> [What to do]: Set down exactly, from the records below, the line with "#32=ORIENTED_EDGE('',*,*,#31,.T.);" through the line with "#59=EDGE_CURVE('E21',#58,#58,#56,.F.);", and nothing else.

> [Recorded data]:
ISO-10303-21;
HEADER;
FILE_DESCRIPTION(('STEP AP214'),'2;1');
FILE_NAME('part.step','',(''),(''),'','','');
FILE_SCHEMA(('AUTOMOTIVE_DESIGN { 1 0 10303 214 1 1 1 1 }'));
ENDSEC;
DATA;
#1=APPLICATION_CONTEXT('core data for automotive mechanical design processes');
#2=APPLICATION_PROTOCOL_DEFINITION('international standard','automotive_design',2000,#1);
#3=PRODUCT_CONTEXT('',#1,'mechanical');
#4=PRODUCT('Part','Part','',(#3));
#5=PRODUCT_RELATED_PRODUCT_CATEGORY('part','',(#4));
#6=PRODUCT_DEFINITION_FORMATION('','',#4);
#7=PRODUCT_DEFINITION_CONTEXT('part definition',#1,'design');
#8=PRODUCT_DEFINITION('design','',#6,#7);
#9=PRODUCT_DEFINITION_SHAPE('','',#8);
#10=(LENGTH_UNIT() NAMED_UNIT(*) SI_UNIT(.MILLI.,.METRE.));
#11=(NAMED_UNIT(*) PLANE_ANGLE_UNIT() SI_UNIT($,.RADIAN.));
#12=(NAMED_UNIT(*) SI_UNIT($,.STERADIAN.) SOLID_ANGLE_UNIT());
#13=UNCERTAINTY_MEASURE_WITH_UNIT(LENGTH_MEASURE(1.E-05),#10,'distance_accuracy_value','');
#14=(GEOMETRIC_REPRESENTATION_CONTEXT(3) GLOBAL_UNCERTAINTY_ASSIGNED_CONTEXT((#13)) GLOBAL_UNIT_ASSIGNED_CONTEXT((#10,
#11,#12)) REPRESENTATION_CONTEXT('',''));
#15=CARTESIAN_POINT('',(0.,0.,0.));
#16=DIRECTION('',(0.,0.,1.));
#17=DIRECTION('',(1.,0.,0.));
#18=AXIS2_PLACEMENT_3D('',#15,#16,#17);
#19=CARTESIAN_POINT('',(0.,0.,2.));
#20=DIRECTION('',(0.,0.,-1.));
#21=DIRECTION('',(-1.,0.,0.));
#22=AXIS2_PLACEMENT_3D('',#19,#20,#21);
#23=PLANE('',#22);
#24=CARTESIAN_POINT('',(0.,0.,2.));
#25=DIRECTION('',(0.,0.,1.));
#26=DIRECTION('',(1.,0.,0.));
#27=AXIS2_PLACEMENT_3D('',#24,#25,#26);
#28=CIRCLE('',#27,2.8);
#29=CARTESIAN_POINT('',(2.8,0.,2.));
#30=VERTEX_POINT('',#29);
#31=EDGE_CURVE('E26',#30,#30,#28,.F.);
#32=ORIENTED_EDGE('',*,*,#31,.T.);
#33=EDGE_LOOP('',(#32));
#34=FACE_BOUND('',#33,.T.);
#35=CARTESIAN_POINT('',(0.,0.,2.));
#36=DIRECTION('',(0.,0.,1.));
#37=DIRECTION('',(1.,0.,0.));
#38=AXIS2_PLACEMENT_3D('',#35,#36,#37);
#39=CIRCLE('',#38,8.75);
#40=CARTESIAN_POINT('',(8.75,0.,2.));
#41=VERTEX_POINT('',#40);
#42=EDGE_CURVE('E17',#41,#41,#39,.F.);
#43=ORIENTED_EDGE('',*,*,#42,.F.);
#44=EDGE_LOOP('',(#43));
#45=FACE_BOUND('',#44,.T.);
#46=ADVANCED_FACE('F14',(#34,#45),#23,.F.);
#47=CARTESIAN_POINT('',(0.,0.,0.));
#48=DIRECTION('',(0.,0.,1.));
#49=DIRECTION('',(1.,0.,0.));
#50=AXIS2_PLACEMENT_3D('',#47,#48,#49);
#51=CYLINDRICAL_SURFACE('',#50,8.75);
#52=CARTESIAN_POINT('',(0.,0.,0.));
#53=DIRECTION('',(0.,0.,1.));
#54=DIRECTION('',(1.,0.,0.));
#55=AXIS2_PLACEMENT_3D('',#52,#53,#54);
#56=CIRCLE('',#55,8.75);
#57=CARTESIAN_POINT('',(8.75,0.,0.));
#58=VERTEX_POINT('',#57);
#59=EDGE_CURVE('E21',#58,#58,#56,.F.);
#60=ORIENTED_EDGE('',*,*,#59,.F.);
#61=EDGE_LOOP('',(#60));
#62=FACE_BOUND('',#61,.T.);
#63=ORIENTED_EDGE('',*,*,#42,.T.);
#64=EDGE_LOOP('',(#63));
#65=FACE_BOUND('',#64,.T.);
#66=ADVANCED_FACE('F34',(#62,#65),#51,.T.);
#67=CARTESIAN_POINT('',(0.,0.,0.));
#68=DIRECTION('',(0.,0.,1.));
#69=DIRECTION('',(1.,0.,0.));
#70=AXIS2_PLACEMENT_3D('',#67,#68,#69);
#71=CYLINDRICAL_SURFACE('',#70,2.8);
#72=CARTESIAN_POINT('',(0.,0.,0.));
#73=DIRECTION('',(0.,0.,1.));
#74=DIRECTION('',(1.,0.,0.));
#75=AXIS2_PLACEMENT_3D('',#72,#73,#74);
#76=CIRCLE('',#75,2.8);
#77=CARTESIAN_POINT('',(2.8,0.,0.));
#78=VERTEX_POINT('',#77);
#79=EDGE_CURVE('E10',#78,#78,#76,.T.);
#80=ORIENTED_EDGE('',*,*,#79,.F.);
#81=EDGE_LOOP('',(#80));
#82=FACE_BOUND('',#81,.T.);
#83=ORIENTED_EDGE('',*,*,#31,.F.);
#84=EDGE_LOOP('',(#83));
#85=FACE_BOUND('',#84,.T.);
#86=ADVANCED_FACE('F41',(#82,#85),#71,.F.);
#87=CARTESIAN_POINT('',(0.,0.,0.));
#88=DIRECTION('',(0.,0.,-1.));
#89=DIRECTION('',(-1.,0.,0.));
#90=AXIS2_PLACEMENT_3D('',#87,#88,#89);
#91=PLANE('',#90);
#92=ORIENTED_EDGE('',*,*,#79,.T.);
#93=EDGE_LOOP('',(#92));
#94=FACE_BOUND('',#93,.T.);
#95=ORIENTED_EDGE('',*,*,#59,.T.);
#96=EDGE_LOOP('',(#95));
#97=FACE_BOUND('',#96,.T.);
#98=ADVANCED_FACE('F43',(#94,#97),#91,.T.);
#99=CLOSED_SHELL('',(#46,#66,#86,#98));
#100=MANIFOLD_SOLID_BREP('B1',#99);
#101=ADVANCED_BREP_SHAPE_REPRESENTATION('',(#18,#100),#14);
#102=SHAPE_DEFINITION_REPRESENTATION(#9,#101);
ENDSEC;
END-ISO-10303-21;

> [Completed exercise]:
#32=ORIENTED_EDGE('',*,*,#31,.T.);
#33=EDGE_LOOP('',(#32));
#34=FACE_BOUND('',#33,.T.);
#35=CARTESIAN_POINT('',(0.,0.,2.));
#36=DIRECTION('',(0.,0.,1.));
#37=DIRECTION('',(1.,0.,0.));
#38=AXIS2_PLACEMENT_3D('',#35,#36,#37);
#39=CIRCLE('',#38,8.75);
#40=CARTESIAN_POINT('',(8.75,0.,2.));
#41=VERTEX_POINT('',#40);
#42=EDGE_CURVE('E17',#41,#41,#39,.F.);
#43=ORIENTED_EDGE('',*,*,#42,.F.);
#44=EDGE_LOOP('',(#43));
#45=FACE_BOUND('',#44,.T.);
#46=ADVANCED_FACE('F14',(#34,#45),#23,.F.);
#47=CARTESIAN_POINT('',(0.,0.,0.));
#48=DIRECTION('',(0.,0.,1.));
#49=DIRECTION('',(1.,0.,0.));
#50=AXIS2_PLACEMENT_3D('',#47,#48,#49);
#51=CYLINDRICAL_SURFACE('',#50,8.75);
#52=CARTESIAN_POINT('',(0.,0.,0.));
#53=DIRECTION('',(0.,0.,1.));
#54=DIRECTION('',(1.,0.,0.));
#55=AXIS2_PLACEMENT_3D('',#52,#53,#54);
#56=CIRCLE('',#55,8.75);
#57=CARTESIAN_POINT('',(8.75,0.,0.));
#58=VERTEX_POINT('',#57);
#59=EDGE_CURVE('E21',#58,#58,#56,.F.);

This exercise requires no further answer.